Isolate every line in the records below with "Concatinate" in it.
>>>>
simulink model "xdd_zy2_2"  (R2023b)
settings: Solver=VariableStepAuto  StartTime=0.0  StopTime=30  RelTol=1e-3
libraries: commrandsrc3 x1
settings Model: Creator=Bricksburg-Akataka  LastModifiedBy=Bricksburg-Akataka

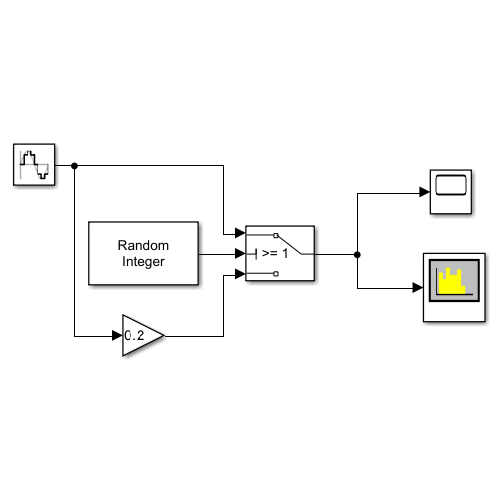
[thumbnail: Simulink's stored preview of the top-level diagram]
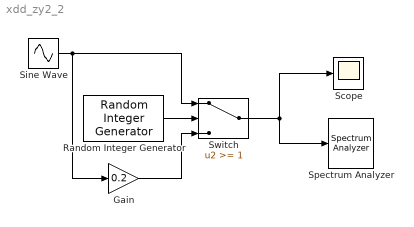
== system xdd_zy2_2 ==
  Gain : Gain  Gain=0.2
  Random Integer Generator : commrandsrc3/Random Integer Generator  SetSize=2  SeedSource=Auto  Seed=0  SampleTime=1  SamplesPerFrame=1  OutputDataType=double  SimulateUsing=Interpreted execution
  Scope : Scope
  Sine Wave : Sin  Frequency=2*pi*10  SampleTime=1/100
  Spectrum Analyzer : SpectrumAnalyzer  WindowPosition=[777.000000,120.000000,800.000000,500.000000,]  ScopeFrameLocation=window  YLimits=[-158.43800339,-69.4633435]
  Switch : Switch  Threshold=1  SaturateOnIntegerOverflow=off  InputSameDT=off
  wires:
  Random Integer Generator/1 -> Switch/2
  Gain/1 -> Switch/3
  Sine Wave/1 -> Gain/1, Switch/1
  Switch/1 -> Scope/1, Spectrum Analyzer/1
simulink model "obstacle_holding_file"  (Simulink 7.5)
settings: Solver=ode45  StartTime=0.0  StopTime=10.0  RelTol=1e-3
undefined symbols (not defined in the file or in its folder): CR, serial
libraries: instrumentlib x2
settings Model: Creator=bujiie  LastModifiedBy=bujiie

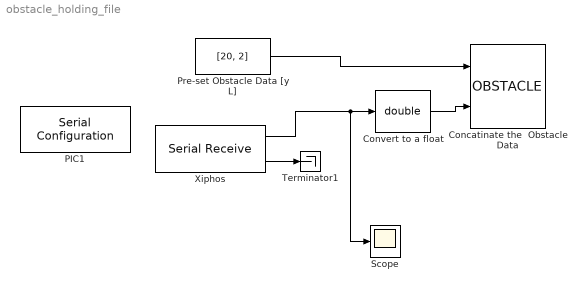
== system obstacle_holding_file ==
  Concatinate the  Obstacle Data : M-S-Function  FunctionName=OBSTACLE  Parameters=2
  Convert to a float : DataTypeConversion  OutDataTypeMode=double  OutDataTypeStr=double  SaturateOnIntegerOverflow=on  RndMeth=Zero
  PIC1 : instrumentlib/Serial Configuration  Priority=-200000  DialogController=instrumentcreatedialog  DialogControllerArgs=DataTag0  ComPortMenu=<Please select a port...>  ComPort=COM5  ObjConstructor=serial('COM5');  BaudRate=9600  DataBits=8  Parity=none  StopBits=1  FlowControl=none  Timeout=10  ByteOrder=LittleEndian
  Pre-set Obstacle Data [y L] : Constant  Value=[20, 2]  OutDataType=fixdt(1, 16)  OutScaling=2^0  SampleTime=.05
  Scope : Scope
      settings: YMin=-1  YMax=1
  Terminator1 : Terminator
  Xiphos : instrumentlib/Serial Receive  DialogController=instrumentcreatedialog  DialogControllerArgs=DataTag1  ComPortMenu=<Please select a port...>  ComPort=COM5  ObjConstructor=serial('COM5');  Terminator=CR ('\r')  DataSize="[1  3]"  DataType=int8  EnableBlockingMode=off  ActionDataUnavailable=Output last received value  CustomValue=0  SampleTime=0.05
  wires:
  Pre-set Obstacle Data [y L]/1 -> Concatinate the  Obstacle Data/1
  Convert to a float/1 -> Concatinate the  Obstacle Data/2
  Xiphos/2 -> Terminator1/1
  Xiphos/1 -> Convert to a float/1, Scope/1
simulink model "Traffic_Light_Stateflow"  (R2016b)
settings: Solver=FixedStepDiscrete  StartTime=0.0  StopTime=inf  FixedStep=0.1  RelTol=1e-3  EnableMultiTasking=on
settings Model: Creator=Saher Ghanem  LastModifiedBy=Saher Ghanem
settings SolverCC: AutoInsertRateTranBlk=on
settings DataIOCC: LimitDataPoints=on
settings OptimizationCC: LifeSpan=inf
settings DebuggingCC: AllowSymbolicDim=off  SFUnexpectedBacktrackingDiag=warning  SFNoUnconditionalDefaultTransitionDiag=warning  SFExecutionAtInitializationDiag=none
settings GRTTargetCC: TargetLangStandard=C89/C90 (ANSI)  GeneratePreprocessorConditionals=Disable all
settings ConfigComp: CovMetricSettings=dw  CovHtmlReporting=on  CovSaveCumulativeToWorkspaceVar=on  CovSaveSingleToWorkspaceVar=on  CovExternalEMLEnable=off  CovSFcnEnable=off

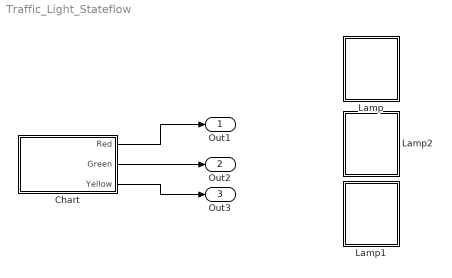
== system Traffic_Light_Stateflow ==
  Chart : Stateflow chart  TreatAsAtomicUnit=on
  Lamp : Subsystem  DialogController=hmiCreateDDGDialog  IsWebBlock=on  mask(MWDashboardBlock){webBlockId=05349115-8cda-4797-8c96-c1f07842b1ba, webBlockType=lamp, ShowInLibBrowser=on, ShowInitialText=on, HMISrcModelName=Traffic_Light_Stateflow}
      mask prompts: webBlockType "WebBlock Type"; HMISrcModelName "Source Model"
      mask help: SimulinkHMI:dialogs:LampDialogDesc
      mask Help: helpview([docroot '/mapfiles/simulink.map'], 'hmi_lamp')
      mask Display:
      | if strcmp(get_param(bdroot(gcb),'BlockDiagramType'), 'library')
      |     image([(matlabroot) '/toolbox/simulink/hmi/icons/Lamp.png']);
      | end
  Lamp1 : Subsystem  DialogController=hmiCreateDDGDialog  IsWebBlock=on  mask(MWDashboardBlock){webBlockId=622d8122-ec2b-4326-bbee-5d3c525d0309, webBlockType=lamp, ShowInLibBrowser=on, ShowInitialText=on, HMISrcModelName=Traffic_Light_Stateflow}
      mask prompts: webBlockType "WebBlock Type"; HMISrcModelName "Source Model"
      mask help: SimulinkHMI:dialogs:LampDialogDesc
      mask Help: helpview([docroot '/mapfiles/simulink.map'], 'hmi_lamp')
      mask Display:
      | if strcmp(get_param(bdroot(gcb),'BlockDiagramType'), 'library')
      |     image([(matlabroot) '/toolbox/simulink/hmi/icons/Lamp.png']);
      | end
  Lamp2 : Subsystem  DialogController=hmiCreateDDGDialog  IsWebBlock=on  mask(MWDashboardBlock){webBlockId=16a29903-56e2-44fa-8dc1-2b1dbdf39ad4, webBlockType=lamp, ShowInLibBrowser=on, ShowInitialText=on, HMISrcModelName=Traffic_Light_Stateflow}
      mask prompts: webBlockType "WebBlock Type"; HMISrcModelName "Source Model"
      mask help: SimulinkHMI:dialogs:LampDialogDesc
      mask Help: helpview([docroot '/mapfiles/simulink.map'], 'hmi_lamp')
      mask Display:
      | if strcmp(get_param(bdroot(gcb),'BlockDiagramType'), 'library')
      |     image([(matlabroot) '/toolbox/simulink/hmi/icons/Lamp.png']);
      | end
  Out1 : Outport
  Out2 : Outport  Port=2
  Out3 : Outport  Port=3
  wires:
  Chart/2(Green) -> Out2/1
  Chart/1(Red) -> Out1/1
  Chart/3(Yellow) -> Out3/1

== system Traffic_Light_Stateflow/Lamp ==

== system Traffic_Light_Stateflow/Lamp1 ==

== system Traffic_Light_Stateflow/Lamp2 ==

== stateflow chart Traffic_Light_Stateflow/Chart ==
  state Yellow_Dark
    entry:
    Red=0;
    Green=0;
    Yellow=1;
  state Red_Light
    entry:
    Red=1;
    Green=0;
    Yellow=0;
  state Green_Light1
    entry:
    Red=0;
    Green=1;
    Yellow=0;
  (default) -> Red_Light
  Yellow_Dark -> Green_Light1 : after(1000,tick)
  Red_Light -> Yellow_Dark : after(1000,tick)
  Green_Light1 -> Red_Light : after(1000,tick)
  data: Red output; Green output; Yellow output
<<<<
_Expected output_:
  Concatinate the  Obstacle Data : M-S-Function  FunctionName=OBSTACLE  Parameters=2
  Pre-set Obstacle Data [y L]/1 -> Concatinate the  Obstacle Data/1
  Convert to a float/1 -> Concatinate the  Obstacle Data/2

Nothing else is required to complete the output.